TASK DETAILS: Lines holding the word "Sans" must be located in the listing below and copied.

DATA EXCERPTS:

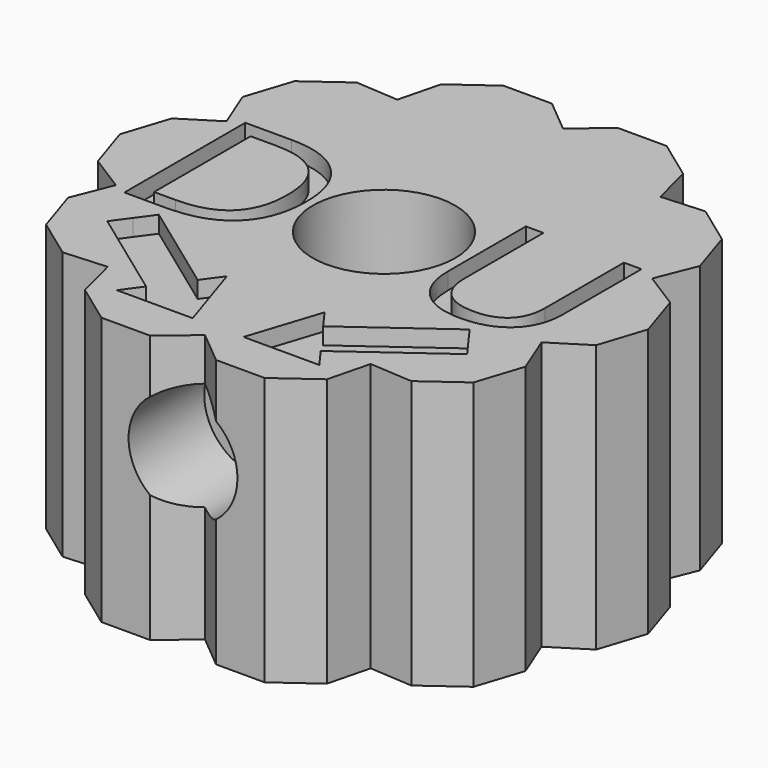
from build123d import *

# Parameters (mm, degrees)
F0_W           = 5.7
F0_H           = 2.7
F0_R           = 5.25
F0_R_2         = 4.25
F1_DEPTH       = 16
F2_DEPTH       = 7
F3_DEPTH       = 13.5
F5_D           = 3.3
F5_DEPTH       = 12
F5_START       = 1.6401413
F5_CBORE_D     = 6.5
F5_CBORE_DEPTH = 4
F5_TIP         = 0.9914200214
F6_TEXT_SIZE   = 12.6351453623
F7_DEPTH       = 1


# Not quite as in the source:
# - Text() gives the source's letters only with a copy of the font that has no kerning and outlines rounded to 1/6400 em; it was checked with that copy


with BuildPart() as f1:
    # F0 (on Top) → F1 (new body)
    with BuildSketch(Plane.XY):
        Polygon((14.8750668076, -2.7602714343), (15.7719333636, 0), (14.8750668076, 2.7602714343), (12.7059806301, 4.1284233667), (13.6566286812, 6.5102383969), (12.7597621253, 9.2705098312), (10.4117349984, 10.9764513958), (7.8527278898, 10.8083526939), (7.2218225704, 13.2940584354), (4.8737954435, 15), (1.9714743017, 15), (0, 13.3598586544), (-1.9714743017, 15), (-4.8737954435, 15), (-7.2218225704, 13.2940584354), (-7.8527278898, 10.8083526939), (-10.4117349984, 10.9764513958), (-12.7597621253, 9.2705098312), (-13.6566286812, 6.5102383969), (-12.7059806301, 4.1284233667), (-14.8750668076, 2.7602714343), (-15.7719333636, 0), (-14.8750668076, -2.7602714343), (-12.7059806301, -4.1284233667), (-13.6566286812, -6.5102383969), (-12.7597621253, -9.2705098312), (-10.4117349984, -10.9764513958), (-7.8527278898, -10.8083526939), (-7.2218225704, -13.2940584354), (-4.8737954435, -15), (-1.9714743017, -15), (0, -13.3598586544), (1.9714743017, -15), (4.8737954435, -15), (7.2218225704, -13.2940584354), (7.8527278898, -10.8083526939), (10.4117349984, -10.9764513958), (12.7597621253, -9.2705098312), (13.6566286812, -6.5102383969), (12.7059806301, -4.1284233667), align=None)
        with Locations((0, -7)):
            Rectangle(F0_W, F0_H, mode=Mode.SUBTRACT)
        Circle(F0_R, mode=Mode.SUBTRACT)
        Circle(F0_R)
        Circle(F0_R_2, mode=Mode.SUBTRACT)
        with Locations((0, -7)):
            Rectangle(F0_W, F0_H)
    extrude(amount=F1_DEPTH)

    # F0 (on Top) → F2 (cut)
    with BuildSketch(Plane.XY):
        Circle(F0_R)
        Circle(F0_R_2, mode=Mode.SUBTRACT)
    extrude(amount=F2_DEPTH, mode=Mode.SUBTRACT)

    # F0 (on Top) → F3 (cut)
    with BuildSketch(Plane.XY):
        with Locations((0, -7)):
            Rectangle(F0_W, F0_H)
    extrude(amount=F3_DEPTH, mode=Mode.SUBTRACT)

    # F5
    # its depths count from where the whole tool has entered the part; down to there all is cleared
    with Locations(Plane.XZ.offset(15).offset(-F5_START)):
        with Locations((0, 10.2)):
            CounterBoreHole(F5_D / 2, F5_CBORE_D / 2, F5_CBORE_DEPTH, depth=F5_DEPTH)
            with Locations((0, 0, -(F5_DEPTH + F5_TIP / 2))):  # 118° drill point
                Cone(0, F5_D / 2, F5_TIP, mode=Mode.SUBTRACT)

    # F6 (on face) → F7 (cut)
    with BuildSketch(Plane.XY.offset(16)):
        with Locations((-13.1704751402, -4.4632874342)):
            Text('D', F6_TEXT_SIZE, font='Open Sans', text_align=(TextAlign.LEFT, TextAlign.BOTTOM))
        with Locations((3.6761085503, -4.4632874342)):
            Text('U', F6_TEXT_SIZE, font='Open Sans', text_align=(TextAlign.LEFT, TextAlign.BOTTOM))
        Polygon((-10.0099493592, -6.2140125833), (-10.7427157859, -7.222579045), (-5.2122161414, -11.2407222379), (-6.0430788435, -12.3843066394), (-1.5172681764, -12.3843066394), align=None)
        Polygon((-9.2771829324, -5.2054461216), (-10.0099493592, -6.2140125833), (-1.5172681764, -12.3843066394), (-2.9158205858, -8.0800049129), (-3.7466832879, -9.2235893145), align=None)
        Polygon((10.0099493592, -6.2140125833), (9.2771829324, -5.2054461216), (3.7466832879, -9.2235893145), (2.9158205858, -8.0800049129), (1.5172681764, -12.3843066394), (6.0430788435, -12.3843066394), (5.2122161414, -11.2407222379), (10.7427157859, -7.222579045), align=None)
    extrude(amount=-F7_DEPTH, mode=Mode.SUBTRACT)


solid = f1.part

RESULT OF THIS EXERCISE:
            Text('D', F6_TEXT_SIZE, font='Open Sans', text_align=(TextAlign.LEFT, TextAlign.BOTTOM))
            Text('U', F6_TEXT_SIZE, font='Open Sans', text_align=(TextAlign.LEFT, TextAlign.BOTTOM))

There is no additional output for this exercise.